The Lady with the Dog and Other Stories eBook

This eBook from the Gutenberg Project consists of approximately 216 pages of information about The Lady with the Dog and Other Stories.

“My God!” he said in French.  “Have you really nothing fresher to tell me than this everlasting tale of your servant’s misdeeds?”

“But, my dear, she robbed me and said insulting things to me.”

“But why is it she doesn’t rob me or say insulting things to me?  Why is it I never notice the maids nor the porters nor the footmen?  My dear, you are simply capricious and refuse to know your own mind . . . .  I really begin to suspect that you must be in a certain condition.  When I offered to let her go, you insisted on her remaining, and now you want me to turn her away.  I can be obstinate, too, in such cases.  You want her to go, but I want her to remain.  That’s the only way to cure you of your nerves.”

“Oh, very well, very well,” said Zinaida Fyodorovna in alarm.  “Let us say no more about that. . . .  Let us put it off till to-morrow . . . .  Now tell me about Moscow. . . .  What is going on in Moscow?”

X

After lunch next day—­it was the seventh of January, St. John the Baptist’s Day—­Orlov put on his black dress coat and his decoration to go to visit his father and congratulate him on his name day.  He had to go at two o’clock, and it was only half-past one when he had finished dressing.  What was he to do for that half-hour?  He walked about the drawing-room, declaiming some congratulatory verses which he had recited as a child to his father and mother.

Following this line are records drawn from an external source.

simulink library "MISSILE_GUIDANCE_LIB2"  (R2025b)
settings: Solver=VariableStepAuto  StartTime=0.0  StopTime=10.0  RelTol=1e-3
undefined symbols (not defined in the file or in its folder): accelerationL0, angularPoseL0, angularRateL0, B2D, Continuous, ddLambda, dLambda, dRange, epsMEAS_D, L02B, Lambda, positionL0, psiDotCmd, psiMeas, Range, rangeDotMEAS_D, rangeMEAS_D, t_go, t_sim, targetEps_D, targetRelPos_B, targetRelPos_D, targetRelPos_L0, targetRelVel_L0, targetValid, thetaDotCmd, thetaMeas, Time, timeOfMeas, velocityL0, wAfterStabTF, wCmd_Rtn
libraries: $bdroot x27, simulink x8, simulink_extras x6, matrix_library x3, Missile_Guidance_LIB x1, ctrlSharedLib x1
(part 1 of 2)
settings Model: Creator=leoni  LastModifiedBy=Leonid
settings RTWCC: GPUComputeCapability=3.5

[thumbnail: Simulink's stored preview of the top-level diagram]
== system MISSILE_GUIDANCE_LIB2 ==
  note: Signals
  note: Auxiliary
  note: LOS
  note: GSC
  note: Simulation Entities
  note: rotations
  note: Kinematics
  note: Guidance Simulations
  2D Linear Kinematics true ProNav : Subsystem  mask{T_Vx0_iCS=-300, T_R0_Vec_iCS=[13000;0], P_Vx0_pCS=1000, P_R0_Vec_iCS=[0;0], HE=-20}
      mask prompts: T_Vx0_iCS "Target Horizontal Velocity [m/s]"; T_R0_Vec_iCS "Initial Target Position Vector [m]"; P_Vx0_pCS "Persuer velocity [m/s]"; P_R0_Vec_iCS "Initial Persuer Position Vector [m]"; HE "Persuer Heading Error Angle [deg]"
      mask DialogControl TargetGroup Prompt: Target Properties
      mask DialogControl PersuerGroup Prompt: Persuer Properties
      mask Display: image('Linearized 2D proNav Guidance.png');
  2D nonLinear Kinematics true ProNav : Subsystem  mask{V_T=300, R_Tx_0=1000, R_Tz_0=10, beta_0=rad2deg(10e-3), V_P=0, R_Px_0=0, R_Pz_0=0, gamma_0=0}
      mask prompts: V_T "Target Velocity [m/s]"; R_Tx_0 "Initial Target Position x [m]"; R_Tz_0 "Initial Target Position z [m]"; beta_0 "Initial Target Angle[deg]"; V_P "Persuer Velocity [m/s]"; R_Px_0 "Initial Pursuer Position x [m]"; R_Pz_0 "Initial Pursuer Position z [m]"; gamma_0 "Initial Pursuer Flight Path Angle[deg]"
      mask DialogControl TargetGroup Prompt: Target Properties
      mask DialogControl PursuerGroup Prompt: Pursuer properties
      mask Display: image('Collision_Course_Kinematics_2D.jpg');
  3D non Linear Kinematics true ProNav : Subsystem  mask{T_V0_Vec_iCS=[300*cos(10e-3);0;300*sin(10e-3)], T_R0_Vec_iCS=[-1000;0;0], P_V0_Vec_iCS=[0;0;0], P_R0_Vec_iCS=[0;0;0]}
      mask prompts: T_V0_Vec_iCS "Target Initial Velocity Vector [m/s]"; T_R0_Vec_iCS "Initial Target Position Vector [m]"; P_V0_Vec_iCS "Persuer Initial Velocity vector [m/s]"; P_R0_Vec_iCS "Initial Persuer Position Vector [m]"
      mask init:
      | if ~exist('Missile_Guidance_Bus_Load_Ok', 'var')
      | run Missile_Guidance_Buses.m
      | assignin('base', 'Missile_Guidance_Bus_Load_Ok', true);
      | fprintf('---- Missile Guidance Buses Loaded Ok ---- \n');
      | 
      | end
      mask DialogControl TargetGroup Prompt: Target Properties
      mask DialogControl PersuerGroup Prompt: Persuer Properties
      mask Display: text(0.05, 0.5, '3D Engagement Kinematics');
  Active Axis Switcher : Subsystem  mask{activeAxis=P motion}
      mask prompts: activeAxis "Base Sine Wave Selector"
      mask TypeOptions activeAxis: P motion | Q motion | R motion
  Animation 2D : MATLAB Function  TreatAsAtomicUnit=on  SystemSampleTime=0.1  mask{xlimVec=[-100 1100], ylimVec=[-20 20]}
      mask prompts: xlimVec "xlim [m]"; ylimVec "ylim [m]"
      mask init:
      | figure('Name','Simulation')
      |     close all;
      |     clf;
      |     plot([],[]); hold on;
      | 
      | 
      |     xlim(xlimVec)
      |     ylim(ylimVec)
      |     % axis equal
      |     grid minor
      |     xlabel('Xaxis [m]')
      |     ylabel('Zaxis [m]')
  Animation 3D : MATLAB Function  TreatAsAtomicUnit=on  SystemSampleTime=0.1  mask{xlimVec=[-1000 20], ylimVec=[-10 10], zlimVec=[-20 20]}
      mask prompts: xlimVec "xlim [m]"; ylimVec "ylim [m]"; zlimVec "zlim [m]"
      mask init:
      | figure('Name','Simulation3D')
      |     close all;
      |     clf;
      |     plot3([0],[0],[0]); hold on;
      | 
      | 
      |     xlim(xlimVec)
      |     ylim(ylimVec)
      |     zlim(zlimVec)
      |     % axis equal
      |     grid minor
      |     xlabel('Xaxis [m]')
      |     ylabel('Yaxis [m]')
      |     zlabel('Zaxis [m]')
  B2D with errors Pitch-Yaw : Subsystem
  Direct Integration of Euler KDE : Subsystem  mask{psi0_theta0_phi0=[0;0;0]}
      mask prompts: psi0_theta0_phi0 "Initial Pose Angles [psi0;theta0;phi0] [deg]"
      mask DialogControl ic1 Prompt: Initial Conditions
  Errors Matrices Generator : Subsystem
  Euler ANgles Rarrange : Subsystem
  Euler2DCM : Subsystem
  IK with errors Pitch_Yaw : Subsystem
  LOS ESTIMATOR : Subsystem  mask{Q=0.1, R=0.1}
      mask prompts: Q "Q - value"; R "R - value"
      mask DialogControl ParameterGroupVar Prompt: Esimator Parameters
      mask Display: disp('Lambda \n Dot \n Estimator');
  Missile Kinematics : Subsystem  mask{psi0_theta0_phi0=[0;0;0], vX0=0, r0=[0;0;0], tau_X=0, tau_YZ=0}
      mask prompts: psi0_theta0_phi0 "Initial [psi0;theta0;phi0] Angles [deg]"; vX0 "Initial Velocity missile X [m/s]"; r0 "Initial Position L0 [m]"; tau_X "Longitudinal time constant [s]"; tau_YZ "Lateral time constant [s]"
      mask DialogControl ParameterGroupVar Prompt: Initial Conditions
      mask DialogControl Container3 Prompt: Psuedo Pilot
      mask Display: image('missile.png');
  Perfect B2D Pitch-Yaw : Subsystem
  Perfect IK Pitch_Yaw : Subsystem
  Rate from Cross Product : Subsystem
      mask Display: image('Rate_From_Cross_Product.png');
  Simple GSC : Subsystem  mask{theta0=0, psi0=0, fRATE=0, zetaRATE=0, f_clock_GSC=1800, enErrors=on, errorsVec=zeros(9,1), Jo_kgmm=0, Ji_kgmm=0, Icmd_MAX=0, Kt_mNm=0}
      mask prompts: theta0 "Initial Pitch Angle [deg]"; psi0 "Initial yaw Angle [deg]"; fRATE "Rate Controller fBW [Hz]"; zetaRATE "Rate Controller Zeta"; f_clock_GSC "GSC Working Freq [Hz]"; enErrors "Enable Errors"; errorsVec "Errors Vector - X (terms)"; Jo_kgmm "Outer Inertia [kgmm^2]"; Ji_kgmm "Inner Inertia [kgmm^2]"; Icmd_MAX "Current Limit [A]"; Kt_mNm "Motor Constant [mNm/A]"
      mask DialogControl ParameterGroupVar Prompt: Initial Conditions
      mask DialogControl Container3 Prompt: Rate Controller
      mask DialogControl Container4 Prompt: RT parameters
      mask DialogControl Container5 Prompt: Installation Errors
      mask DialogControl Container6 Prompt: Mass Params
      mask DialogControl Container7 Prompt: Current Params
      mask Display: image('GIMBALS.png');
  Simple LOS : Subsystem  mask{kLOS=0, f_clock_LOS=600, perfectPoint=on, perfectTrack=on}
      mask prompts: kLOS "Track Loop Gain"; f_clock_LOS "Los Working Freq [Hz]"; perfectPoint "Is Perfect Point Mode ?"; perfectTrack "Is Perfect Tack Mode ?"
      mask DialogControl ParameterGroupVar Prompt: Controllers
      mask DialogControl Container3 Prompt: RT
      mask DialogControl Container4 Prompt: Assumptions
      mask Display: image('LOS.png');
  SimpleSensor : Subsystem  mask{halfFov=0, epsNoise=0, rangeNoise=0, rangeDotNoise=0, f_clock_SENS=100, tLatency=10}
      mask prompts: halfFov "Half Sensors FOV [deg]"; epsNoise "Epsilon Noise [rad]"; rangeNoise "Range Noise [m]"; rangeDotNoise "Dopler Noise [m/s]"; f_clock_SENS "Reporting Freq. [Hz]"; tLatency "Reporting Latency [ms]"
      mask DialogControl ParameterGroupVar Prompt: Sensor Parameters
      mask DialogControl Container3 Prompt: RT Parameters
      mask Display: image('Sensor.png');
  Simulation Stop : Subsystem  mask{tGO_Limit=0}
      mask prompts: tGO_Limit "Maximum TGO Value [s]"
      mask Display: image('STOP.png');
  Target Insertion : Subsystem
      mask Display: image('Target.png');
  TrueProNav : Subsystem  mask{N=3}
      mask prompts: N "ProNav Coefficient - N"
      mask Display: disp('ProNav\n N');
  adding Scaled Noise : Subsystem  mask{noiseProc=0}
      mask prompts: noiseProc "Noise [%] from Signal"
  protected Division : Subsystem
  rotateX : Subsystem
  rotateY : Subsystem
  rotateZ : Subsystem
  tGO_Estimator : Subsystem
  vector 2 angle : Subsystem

Zinaida Fyodorovna, who was just going out to a dressmaker’s or to the shops, was sitting, listening to him with a smile.  I don’t know how their conversation began, but when I took Orlov his gloves, he was standing before her with a capricious, beseeching face, saying: 

“For God’s sake, in the name of everything that’s holy, don’t talk of things that everybody knows!  What an unfortunate gift our intellectual thoughtful ladies have for talking with enthusiasm and an air of profundity of things that every schoolboy is sick to death of!  Ah, if only you would exclude from our conjugal programme all these serious questions!  How grateful I should be to you!”

“We women may not dare, it seems, to have views of our own.”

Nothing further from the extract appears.